__Required work__.
In the records below, find the line holding "#109=EDGE_CURVE('E89',#108,#100,#106,.T.);" and the line holding "#149=ORIENTED_EDGE('',*,*,#84,.T.);". Set down both, with every line between them, exactly.

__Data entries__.
════════════════

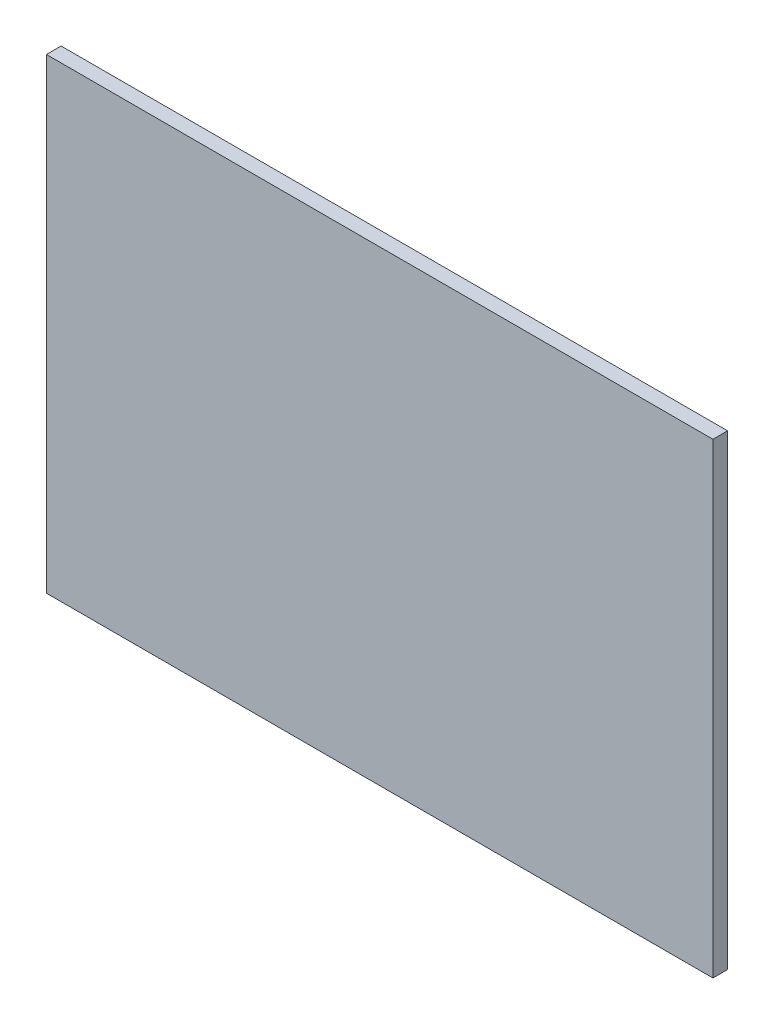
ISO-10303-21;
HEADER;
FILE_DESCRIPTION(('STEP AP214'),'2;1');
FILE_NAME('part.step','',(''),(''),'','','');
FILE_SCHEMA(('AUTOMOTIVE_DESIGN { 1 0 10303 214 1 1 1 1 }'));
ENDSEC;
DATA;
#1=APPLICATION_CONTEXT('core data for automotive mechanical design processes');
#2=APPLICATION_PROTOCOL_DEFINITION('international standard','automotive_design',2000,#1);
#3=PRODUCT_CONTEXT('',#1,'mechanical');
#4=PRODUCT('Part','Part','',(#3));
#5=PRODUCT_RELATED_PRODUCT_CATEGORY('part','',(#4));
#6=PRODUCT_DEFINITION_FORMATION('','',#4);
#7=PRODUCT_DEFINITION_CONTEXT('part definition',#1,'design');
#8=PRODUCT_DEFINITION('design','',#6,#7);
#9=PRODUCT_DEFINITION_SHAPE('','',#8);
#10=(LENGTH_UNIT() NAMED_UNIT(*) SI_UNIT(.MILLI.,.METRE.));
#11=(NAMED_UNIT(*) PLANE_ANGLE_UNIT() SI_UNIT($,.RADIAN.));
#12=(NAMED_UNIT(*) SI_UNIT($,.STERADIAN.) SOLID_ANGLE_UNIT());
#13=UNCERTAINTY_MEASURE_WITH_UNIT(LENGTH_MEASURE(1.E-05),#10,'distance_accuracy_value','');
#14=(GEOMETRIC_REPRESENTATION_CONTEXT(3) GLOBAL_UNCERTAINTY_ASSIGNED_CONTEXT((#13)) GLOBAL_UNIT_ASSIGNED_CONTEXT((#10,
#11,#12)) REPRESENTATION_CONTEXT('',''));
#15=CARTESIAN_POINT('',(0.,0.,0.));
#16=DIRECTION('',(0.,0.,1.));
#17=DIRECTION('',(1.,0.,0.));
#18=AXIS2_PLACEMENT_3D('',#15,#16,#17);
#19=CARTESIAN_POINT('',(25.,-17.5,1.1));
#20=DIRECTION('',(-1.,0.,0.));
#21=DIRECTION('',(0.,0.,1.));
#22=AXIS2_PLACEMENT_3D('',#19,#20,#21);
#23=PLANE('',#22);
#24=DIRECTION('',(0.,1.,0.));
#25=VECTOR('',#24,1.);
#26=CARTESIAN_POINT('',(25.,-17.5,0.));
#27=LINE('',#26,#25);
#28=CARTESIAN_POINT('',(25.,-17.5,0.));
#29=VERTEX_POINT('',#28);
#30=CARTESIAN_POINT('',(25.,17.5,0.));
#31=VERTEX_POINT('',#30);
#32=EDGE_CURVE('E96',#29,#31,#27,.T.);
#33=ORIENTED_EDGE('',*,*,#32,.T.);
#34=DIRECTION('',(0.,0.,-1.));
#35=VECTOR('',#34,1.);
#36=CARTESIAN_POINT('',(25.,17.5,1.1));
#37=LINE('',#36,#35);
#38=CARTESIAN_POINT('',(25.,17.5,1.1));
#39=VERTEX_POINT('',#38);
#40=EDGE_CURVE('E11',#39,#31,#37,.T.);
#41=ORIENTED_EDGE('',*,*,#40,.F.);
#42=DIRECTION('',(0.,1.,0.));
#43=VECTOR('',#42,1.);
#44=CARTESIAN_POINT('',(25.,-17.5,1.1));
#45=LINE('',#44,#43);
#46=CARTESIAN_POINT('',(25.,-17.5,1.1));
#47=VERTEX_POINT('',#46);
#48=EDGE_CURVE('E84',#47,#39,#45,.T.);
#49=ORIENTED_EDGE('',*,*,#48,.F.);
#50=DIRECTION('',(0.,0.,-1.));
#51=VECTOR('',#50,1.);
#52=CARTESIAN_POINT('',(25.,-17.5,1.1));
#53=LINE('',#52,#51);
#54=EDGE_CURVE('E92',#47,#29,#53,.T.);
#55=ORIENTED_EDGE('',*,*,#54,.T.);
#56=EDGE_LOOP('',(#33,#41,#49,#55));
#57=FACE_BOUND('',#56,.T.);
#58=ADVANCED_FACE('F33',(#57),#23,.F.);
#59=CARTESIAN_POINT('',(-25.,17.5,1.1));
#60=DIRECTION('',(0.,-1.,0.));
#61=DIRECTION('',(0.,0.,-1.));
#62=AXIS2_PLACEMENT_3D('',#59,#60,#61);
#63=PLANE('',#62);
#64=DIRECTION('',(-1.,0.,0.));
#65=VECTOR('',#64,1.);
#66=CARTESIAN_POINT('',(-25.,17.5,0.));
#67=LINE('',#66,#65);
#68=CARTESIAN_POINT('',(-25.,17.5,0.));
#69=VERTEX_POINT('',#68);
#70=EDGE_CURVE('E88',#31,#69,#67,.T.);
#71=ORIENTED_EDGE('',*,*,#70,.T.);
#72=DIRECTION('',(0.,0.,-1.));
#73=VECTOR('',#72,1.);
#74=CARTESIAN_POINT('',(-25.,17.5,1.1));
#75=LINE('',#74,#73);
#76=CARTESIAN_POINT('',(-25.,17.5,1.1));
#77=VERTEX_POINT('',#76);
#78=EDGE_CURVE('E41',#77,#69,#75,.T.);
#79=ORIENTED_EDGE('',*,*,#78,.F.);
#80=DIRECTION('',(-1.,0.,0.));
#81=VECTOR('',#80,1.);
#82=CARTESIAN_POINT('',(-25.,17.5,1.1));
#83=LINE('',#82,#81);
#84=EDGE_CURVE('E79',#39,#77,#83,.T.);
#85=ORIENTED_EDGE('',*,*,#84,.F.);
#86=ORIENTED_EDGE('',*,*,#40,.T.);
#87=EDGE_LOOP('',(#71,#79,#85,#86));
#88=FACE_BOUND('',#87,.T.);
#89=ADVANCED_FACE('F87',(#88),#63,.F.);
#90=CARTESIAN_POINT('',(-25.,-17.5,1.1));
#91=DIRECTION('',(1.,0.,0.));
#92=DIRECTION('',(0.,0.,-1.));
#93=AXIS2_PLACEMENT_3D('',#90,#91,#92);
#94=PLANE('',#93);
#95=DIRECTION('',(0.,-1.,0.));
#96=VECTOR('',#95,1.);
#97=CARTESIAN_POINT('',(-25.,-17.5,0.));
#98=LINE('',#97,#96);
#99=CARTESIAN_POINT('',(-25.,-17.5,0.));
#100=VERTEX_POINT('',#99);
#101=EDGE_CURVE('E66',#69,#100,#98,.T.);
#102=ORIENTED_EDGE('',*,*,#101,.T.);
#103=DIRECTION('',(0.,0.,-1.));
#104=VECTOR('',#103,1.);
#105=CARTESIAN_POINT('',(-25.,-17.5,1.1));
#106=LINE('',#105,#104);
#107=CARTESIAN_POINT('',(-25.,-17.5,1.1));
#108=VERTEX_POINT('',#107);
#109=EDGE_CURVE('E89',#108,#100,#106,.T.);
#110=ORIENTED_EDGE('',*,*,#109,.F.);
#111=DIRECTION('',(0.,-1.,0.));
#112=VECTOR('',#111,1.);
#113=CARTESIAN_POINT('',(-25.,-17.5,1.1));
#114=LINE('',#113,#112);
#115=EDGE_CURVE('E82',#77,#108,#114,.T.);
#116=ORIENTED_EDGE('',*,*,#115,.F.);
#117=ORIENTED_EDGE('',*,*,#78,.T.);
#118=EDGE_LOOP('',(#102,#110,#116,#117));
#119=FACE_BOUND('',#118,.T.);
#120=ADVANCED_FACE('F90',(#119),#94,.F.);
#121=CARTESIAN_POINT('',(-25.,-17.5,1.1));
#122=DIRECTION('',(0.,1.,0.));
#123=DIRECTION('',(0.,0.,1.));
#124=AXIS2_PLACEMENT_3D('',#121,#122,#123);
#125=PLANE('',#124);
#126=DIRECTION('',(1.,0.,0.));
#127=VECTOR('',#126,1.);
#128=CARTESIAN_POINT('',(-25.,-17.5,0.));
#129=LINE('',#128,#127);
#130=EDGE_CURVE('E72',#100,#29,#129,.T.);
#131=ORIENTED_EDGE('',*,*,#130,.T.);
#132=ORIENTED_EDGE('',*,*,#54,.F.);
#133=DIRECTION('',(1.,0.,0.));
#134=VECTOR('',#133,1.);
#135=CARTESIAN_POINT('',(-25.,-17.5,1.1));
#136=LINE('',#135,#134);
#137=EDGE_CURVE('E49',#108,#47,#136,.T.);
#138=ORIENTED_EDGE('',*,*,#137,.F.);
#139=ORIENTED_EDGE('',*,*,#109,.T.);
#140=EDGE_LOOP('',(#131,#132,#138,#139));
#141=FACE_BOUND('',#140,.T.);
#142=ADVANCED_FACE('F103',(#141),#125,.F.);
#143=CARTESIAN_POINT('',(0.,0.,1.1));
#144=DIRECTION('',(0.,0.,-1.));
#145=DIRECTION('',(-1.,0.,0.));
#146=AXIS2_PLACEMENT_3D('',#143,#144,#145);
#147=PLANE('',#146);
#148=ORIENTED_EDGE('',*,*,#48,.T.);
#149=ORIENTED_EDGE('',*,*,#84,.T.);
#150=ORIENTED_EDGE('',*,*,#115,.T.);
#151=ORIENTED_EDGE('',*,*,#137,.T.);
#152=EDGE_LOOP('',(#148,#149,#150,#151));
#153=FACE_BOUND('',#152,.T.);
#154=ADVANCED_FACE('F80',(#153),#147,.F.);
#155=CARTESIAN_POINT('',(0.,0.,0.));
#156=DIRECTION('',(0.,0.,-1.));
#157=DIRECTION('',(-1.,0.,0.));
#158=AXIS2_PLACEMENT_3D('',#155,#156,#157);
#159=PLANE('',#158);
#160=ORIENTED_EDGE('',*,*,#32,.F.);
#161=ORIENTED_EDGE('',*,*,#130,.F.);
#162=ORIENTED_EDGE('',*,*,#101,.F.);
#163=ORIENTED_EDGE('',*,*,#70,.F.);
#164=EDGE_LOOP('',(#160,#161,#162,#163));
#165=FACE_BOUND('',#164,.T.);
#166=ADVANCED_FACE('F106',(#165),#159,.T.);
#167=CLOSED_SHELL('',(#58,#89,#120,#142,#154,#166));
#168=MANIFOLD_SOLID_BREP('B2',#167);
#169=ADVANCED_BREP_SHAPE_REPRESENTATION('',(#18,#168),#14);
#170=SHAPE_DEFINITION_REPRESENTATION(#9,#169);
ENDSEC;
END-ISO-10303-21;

════════════════

__Exercise result__.
#109=EDGE_CURVE('E89',#108,#100,#106,.T.);
#110=ORIENTED_EDGE('',*,*,#109,.F.);
#111=DIRECTION('',(0.,-1.,0.));
#112=VECTOR('',#111,1.);
#113=CARTESIAN_POINT('',(-25.,-17.5,1.1));
#114=LINE('',#113,#112);
#115=EDGE_CURVE('E82',#77,#108,#114,.T.);
#116=ORIENTED_EDGE('',*,*,#115,.F.);
#117=ORIENTED_EDGE('',*,*,#78,.T.);
#118=EDGE_LOOP('',(#102,#110,#116,#117));
#119=FACE_BOUND('',#118,.T.);
#120=ADVANCED_FACE('F90',(#119),#94,.F.);
#121=CARTESIAN_POINT('',(-25.,-17.5,1.1));
#122=DIRECTION('',(0.,1.,0.));
#123=DIRECTION('',(0.,0.,1.));
#124=AXIS2_PLACEMENT_3D('',#121,#122,#123);
#125=PLANE('',#124);
#126=DIRECTION('',(1.,0.,0.));
#127=VECTOR('',#126,1.);
#128=CARTESIAN_POINT('',(-25.,-17.5,0.));
#129=LINE('',#128,#127);
#130=EDGE_CURVE('E72',#100,#29,#129,.T.);
#131=ORIENTED_EDGE('',*,*,#130,.T.);
#132=ORIENTED_EDGE('',*,*,#54,.F.);
#133=DIRECTION('',(1.,0.,0.));
#134=VECTOR('',#133,1.);
#135=CARTESIAN_POINT('',(-25.,-17.5,1.1));
#136=LINE('',#135,#134);
#137=EDGE_CURVE('E49',#108,#47,#136,.T.);
#138=ORIENTED_EDGE('',*,*,#137,.F.);
#139=ORIENTED_EDGE('',*,*,#109,.T.);
#140=EDGE_LOOP('',(#131,#132,#138,#139));
#141=FACE_BOUND('',#140,.T.);
#142=ADVANCED_FACE('F103',(#141),#125,.F.);
#143=CARTESIAN_POINT('',(0.,0.,1.1));
#144=DIRECTION('',(0.,0.,-1.));
#145=DIRECTION('',(-1.,0.,0.));
#146=AXIS2_PLACEMENT_3D('',#143,#144,#145);
#147=PLANE('',#146);
#148=ORIENTED_EDGE('',*,*,#48,.T.);
#149=ORIENTED_EDGE('',*,*,#84,.T.);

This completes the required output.